# White Stars



## shadows (Feb 5, 2011)

There is no moonlight tonight 
  as I stand 
  at the base of the mountain
  wrapped in mist
  knowing I need to ascend
  unable to take that first step.

  Melted ice, flowing from the top,
  floods my mind.
  I drown in my own thoughts
  sift through the ashes of dreams
  still seeking white stars
  in the darkness.


----------



## caelum (Feb 6, 2011)

I felt this one, shadows.  No specific nits or thoughts really.  Was a good portrayal of moving forwards.


----------



## shadows (Feb 6, 2011)

Thanks very much Caelum


----------



## Gumby (Feb 6, 2011)

I like the mood here and what you are saying. Like cae, I can feel it. My only nits are that I think there are too many ing's here, for such a short piece. This may only be a personal dislike and may not bother others at all, so take it with a pinch of salt, as they say. I like the more immediate feel when it's written as below:



> There is no moonlight tonight
> I stand
> at the base of the mountain
> wrapped in mist
> ...


----------



## shadows (Feb 7, 2011)

Thanks Gumby.  I must learn to irradicate some of those -ings

edited a bit, hope it is better.


----------



## TheFuhrer02 (Feb 7, 2011)

The poem sounds really fluid, and really serene. I honestly felt this short poem, reminds me of the times when I go hiking up the mountains of Laguna in the Philippines during dusk. Ah, memories.

I find it an honor in reading this short but meaningful text. Thanks!


----------



## Jane Martin (Feb 7, 2011)

Good description of that strength that seems to come from within when we are compelled along a journey knowing that even the destination may be difficult to deal with. We've all faced that in life. Nice sense of peace and acceptance at the end.

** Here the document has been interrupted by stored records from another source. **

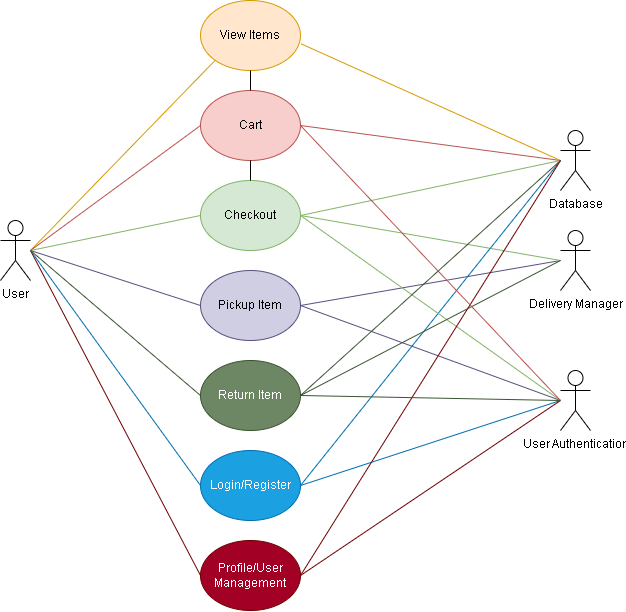

The diagram above was exported from draw.io. Its source (the exported page's mxGraphModel, read from the mxfile embedded in the PNG):
<mxGraphModel dx="1093" dy="609" grid="1" gridSize="10" guides="1" tooltips="1" connect="1" arrows="1" fold="1" page="1" pageScale="1" pageWidth="850" pageHeight="1100" math="0" shadow="0">
  <root>
    <mxCell id="0" />
    <mxCell id="1" parent="0" />
    <mxCell id="CMxXniLUJJ2BCVepilvM-1" value="User" style="shape=umlActor;verticalLabelPosition=bottom;verticalAlign=top;html=1;outlineConnect=0;" vertex="1" parent="1">
      <mxGeometry x="70" y="230" width="30" height="60" as="geometry" />
    </mxCell>
    <mxCell id="CMxXniLUJJ2BCVepilvM-4" value="Cart" style="ellipse;whiteSpace=wrap;html=1;fillColor=#f8cecc;strokeColor=#b85450;" vertex="1" parent="1">
      <mxGeometry x="270" y="100" width="100" height="70" as="geometry" />
    </mxCell>
    <mxCell id="CMxXniLUJJ2BCVepilvM-5" value="Checkout" style="ellipse;whiteSpace=wrap;html=1;fillColor=#d5e8d4;strokeColor=#82b366;" vertex="1" parent="1">
      <mxGeometry x="270" y="190" width="100" height="70" as="geometry" />
    </mxCell>
    <mxCell id="CMxXniLUJJ2BCVepilvM-6" value="View Items" style="ellipse;whiteSpace=wrap;html=1;fillColor=#ffe6cc;strokeColor=#d79b00;" vertex="1" parent="1">
      <mxGeometry x="270" y="10" width="100" height="70" as="geometry" />
    </mxCell>
    <mxCell id="CMxXniLUJJ2BCVepilvM-7" value="Pickup Item" style="ellipse;whiteSpace=wrap;html=1;fillColor=#d0cee2;strokeColor=#56517e;" vertex="1" parent="1">
      <mxGeometry x="270" y="280" width="100" height="70" as="geometry" />
    </mxCell>
    <mxCell id="CMxXniLUJJ2BCVepilvM-8" value="Profile/User Management" style="ellipse;whiteSpace=wrap;html=1;fillColor=#a20025;fontColor=#ffffff;strokeColor=#6F0000;" vertex="1" parent="1">
      <mxGeometry x="270" y="550" width="100" height="70" as="geometry" />
    </mxCell>
    <mxCell id="CMxXniLUJJ2BCVepilvM-9" value="Login/Register" style="ellipse;whiteSpace=wrap;html=1;fillColor=#1ba1e2;fontColor=#ffffff;strokeColor=#006EAF;" vertex="1" parent="1">
      <mxGeometry x="270" y="460" width="100" height="70" as="geometry" />
    </mxCell>
    <mxCell id="CMxXniLUJJ2BCVepilvM-10" value="" style="endArrow=none;html=1;rounded=0;entryX=0;entryY=0.5;entryDx=0;entryDy=0;fillColor=#a20025;strokeColor=#6F0000;" edge="1" parent="1" target="CMxXniLUJJ2BCVepilvM-8">
      <mxGeometry width="50" height="50" relative="1" as="geometry">
        <mxPoint x="100" y="260" as="sourcePoint" />
        <mxPoint x="450" y="270" as="targetPoint" />
      </mxGeometry>
    </mxCell>
    <mxCell id="CMxXniLUJJ2BCVepilvM-11" value="" style="endArrow=none;html=1;rounded=0;entryX=0;entryY=0.5;entryDx=0;entryDy=0;fillColor=#1ba1e2;strokeColor=#006EAF;" edge="1" parent="1" target="CMxXniLUJJ2BCVepilvM-9">
      <mxGeometry width="50" height="50" relative="1" as="geometry">
        <mxPoint x="100" y="260" as="sourcePoint" />
        <mxPoint x="450" y="270" as="targetPoint" />
      </mxGeometry>
    </mxCell>
    <mxCell id="CMxXniLUJJ2BCVepilvM-14" value="User Authentication" style="shape=umlActor;verticalLabelPosition=bottom;verticalAlign=top;html=1;outlineConnect=0;" vertex="1" parent="1">
      <mxGeometry x="630" y="380" width="30" height="60" as="geometry" />
    </mxCell>
    <mxCell id="CMxXniLUJJ2BCVepilvM-15" value="" style="endArrow=none;html=1;rounded=0;exitX=1;exitY=0.5;exitDx=0;exitDy=0;fillColor=#1ba1e2;strokeColor=#006EAF;" edge="1" parent="1" source="CMxXniLUJJ2BCVepilvM-9">
      <mxGeometry width="50" height="50" relative="1" as="geometry">
        <mxPoint x="400" y="320" as="sourcePoint" />
        <mxPoint x="630" y="410" as="targetPoint" />
      </mxGeometry>
    </mxCell>
    <mxCell id="CMxXniLUJJ2BCVepilvM-16" value="" style="endArrow=none;html=1;rounded=0;exitX=1;exitY=0.5;exitDx=0;exitDy=0;fillColor=#a20025;strokeColor=#6F0000;" edge="1" parent="1" source="CMxXniLUJJ2BCVepilvM-8">
      <mxGeometry width="50" height="50" relative="1" as="geometry">
        <mxPoint x="400" y="320" as="sourcePoint" />
        <mxPoint x="630" y="410" as="targetPoint" />
      </mxGeometry>
    </mxCell>
    <mxCell id="CMxXniLUJJ2BCVepilvM-17" value="Database" style="shape=umlActor;verticalLabelPosition=bottom;verticalAlign=top;html=1;outlineConnect=0;" vertex="1" parent="1">
      <mxGeometry x="630" y="140" width="30" height="60" as="geometry" />
    </mxCell>
    <mxCell id="CMxXniLUJJ2BCVepilvM-18" value="" style="endArrow=none;html=1;rounded=0;exitX=1;exitY=0.5;exitDx=0;exitDy=0;fillColor=#d0cee2;strokeColor=#56517e;" edge="1" parent="1" source="CMxXniLUJJ2BCVepilvM-7">
      <mxGeometry width="50" height="50" relative="1" as="geometry">
        <mxPoint x="400" y="320" as="sourcePoint" />
        <mxPoint x="630" y="410" as="targetPoint" />
      </mxGeometry>
    </mxCell>
    <mxCell id="CMxXniLUJJ2BCVepilvM-19" value="" style="endArrow=none;html=1;rounded=0;exitX=1;exitY=0.5;exitDx=0;exitDy=0;fillColor=#d0cee2;strokeColor=#56517e;" edge="1" parent="1" source="CMxXniLUJJ2BCVepilvM-7">
      <mxGeometry width="50" height="50" relative="1" as="geometry">
        <mxPoint x="400" y="320" as="sourcePoint" />
        <mxPoint x="630" y="270" as="targetPoint" />
      </mxGeometry>
    </mxCell>
    <mxCell id="CMxXniLUJJ2BCVepilvM-20" value="" style="endArrow=none;html=1;rounded=0;entryX=1;entryY=0.5;entryDx=0;entryDy=0;fillColor=#d5e8d4;strokeColor=#82b366;" edge="1" parent="1" target="CMxXniLUJJ2BCVepilvM-5">
      <mxGeometry width="50" height="50" relative="1" as="geometry">
        <mxPoint x="630" y="170" as="sourcePoint" />
        <mxPoint x="450" y="270" as="targetPoint" />
      </mxGeometry>
    </mxCell>
    <mxCell id="CMxXniLUJJ2BCVepilvM-21" value="" style="endArrow=none;html=1;rounded=0;entryX=1;entryY=0.5;entryDx=0;entryDy=0;fillColor=#f8cecc;strokeColor=#b85450;" edge="1" parent="1" target="CMxXniLUJJ2BCVepilvM-4">
      <mxGeometry width="50" height="50" relative="1" as="geometry">
        <mxPoint x="630" y="170" as="sourcePoint" />
        <mxPoint x="450" y="270" as="targetPoint" />
      </mxGeometry>
    </mxCell>
    <mxCell id="CMxXniLUJJ2BCVepilvM-22" value="Delivery Manager" style="shape=umlActor;verticalLabelPosition=bottom;verticalAlign=top;html=1;outlineConnect=0;" vertex="1" parent="1">
      <mxGeometry x="630" y="240" width="30" height="60" as="geometry" />
    </mxCell>
    <mxCell id="CMxXniLUJJ2BCVepilvM-24" value="" style="endArrow=none;html=1;rounded=0;entryX=1;entryY=0.5;entryDx=0;entryDy=0;fillColor=#d5e8d4;strokeColor=#82b366;" edge="1" parent="1" target="CMxXniLUJJ2BCVepilvM-5">
      <mxGeometry width="50" height="50" relative="1" as="geometry">
        <mxPoint x="630" y="270" as="sourcePoint" />
        <mxPoint x="420" y="250" as="targetPoint" />
      </mxGeometry>
    </mxCell>
    <mxCell id="CMxXniLUJJ2BCVepilvM-25" value="" style="endArrow=none;html=1;rounded=0;entryX=1.008;entryY=0.62;entryDx=0;entryDy=0;entryPerimeter=0;fillColor=#ffe6cc;strokeColor=#d79b00;" edge="1" parent="1" target="CMxXniLUJJ2BCVepilvM-6">
      <mxGeometry width="50" height="50" relative="1" as="geometry">
        <mxPoint x="630" y="170" as="sourcePoint" />
        <mxPoint x="420" y="250" as="targetPoint" />
      </mxGeometry>
    </mxCell>
    <mxCell id="CMxXniLUJJ2BCVepilvM-26" value="" style="endArrow=none;html=1;rounded=0;exitX=0;exitY=0.5;exitDx=0;exitDy=0;fillColor=#d0cee2;strokeColor=#56517e;" edge="1" parent="1" source="CMxXniLUJJ2BCVepilvM-7">
      <mxGeometry width="50" height="50" relative="1" as="geometry">
        <mxPoint x="370" y="300" as="sourcePoint" />
        <mxPoint x="100" y="260" as="targetPoint" />
      </mxGeometry>
    </mxCell>
    <mxCell id="CMxXniLUJJ2BCVepilvM-27" value="" style="endArrow=none;html=1;rounded=0;exitX=0;exitY=0.5;exitDx=0;exitDy=0;fillColor=#d5e8d4;strokeColor=#82b366;" edge="1" parent="1" source="CMxXniLUJJ2BCVepilvM-5">
      <mxGeometry width="50" height="50" relative="1" as="geometry">
        <mxPoint x="370" y="300" as="sourcePoint" />
        <mxPoint x="100" y="260" as="targetPoint" />
      </mxGeometry>
    </mxCell>
    <mxCell id="CMxXniLUJJ2BCVepilvM-28" value="" style="endArrow=none;html=1;rounded=0;exitX=0.5;exitY=0;exitDx=0;exitDy=0;entryX=0.5;entryY=1;entryDx=0;entryDy=0;" edge="1" parent="1" source="CMxXniLUJJ2BCVepilvM-5" target="CMxXniLUJJ2BCVepilvM-4">
      <mxGeometry width="50" height="50" relative="1" as="geometry">
        <mxPoint x="370" y="300" as="sourcePoint" />
        <mxPoint x="420" y="250" as="targetPoint" />
      </mxGeometry>
    </mxCell>
    <mxCell id="CMxXniLUJJ2BCVepilvM-29" value="" style="endArrow=none;html=1;rounded=0;entryX=0.5;entryY=1;entryDx=0;entryDy=0;exitX=0.5;exitY=0;exitDx=0;exitDy=0;" edge="1" parent="1" source="CMxXniLUJJ2BCVepilvM-4" target="CMxXniLUJJ2BCVepilvM-6">
      <mxGeometry width="50" height="50" relative="1" as="geometry">
        <mxPoint x="370" y="300" as="sourcePoint" />
        <mxPoint x="420" y="250" as="targetPoint" />
      </mxGeometry>
    </mxCell>
    <mxCell id="CMxXniLUJJ2BCVepilvM-30" value="" style="endArrow=none;html=1;rounded=0;exitX=0;exitY=1;exitDx=0;exitDy=0;fillColor=#ffe6cc;strokeColor=#d79b00;" edge="1" parent="1" source="CMxXniLUJJ2BCVepilvM-6">
      <mxGeometry width="50" height="50" relative="1" as="geometry">
        <mxPoint x="230" y="120" as="sourcePoint" />
        <mxPoint x="100" y="260" as="targetPoint" />
      </mxGeometry>
    </mxCell>
    <mxCell id="CMxXniLUJJ2BCVepilvM-31" value="" style="endArrow=none;html=1;rounded=0;exitX=1;exitY=0.5;exitDx=0;exitDy=0;fillColor=#1ba1e2;strokeColor=#006EAF;" edge="1" parent="1" source="CMxXniLUJJ2BCVepilvM-9">
      <mxGeometry width="50" height="50" relative="1" as="geometry">
        <mxPoint x="370" y="300" as="sourcePoint" />
        <mxPoint x="630" y="170" as="targetPoint" />
      </mxGeometry>
    </mxCell>
    <mxCell id="CMxXniLUJJ2BCVepilvM-32" value="" style="endArrow=none;html=1;rounded=0;exitX=1;exitY=0.5;exitDx=0;exitDy=0;fillColor=#d5e8d4;strokeColor=#82b366;" edge="1" parent="1" source="CMxXniLUJJ2BCVepilvM-5">
      <mxGeometry width="50" height="50" relative="1" as="geometry">
        <mxPoint x="370" y="300" as="sourcePoint" />
        <mxPoint x="630" y="410" as="targetPoint" />
      </mxGeometry>
    </mxCell>
    <mxCell id="CMxXniLUJJ2BCVepilvM-33" value="" style="endArrow=none;html=1;rounded=0;exitX=1;exitY=0.5;exitDx=0;exitDy=0;fillColor=#a20025;strokeColor=#6F0000;" edge="1" parent="1" source="CMxXniLUJJ2BCVepilvM-8">
      <mxGeometry width="50" height="50" relative="1" as="geometry">
        <mxPoint x="370" y="300" as="sourcePoint" />
        <mxPoint x="630" y="170" as="targetPoint" />
      </mxGeometry>
    </mxCell>
    <mxCell id="CMxXniLUJJ2BCVepilvM-34" value="" style="endArrow=none;html=1;rounded=0;entryX=0;entryY=0.5;entryDx=0;entryDy=0;fillColor=#f8cecc;strokeColor=#b85450;" edge="1" parent="1" target="CMxXniLUJJ2BCVepilvM-4">
      <mxGeometry width="50" height="50" relative="1" as="geometry">
        <mxPoint x="100" y="260" as="sourcePoint" />
        <mxPoint x="420" y="250" as="targetPoint" />
      </mxGeometry>
    </mxCell>
    <mxCell id="CMxXniLUJJ2BCVepilvM-36" value="Return Item" style="ellipse;whiteSpace=wrap;html=1;fillColor=#6d8764;strokeColor=#3A5431;fontColor=#ffffff;" vertex="1" parent="1">
      <mxGeometry x="270" y="370" width="100" height="70" as="geometry" />
    </mxCell>
    <mxCell id="CMxXniLUJJ2BCVepilvM-37" value="" style="endArrow=none;html=1;rounded=0;exitX=1;exitY=0.5;exitDx=0;exitDy=0;fillColor=#6d8764;strokeColor=#3A5431;" edge="1" parent="1" source="CMxXniLUJJ2BCVepilvM-36">
      <mxGeometry width="50" height="50" relative="1" as="geometry">
        <mxPoint x="370" y="340" as="sourcePoint" />
        <mxPoint x="630" y="270" as="targetPoint" />
      </mxGeometry>
    </mxCell>
    <mxCell id="CMxXniLUJJ2BCVepilvM-38" value="" style="endArrow=none;html=1;rounded=0;exitX=1;exitY=0.5;exitDx=0;exitDy=0;fillColor=#6d8764;strokeColor=#3A5431;" edge="1" parent="1" source="CMxXniLUJJ2BCVepilvM-36">
      <mxGeometry width="50" height="50" relative="1" as="geometry">
        <mxPoint x="370" y="340" as="sourcePoint" />
        <mxPoint x="630" y="170" as="targetPoint" />
      </mxGeometry>
    </mxCell>
    <mxCell id="CMxXniLUJJ2BCVepilvM-39" value="" style="endArrow=none;html=1;rounded=0;exitX=0;exitY=0.5;exitDx=0;exitDy=0;fillColor=#6d8764;strokeColor=#3A5431;" edge="1" parent="1" source="CMxXniLUJJ2BCVepilvM-36">
      <mxGeometry width="50" height="50" relative="1" as="geometry">
        <mxPoint x="370" y="340" as="sourcePoint" />
        <mxPoint x="100" y="260" as="targetPoint" />
      </mxGeometry>
    </mxCell>
    <mxCell id="CMxXniLUJJ2BCVepilvM-40" value="" style="endArrow=none;html=1;rounded=0;exitX=1;exitY=0.5;exitDx=0;exitDy=0;fillColor=#6d8764;strokeColor=#3A5431;" edge="1" parent="1" source="CMxXniLUJJ2BCVepilvM-36">
      <mxGeometry width="50" height="50" relative="1" as="geometry">
        <mxPoint x="370" y="340" as="sourcePoint" />
        <mxPoint x="630" y="410" as="targetPoint" />
      </mxGeometry>
    </mxCell>
    <mxCell id="CMxXniLUJJ2BCVepilvM-41" value="" style="endArrow=none;html=1;rounded=0;entryX=1;entryY=0.5;entryDx=0;entryDy=0;fillColor=#f8cecc;strokeColor=#b85450;" edge="1" parent="1" target="CMxXniLUJJ2BCVepilvM-4">
      <mxGeometry width="50" height="50" relative="1" as="geometry">
        <mxPoint x="630" y="410" as="sourcePoint" />
        <mxPoint x="420" y="290" as="targetPoint" />
      </mxGeometry>
    </mxCell>
  </root>
</mxGraphModel>

It reminds me of that feeling of perspective I get when I sit by the ocean listening to the water & looking at the stars.  It's an obvious metaphor that has been used countless times before but you've put your own stamp on it.


----------



## Gumby (Feb 7, 2011)

Oh yes, you cleaned it up wonderfully! I think it packs more of a punch now, than before. Changing avalanche to ashes has given it a more poignant feel.  Well done, shadows.


----------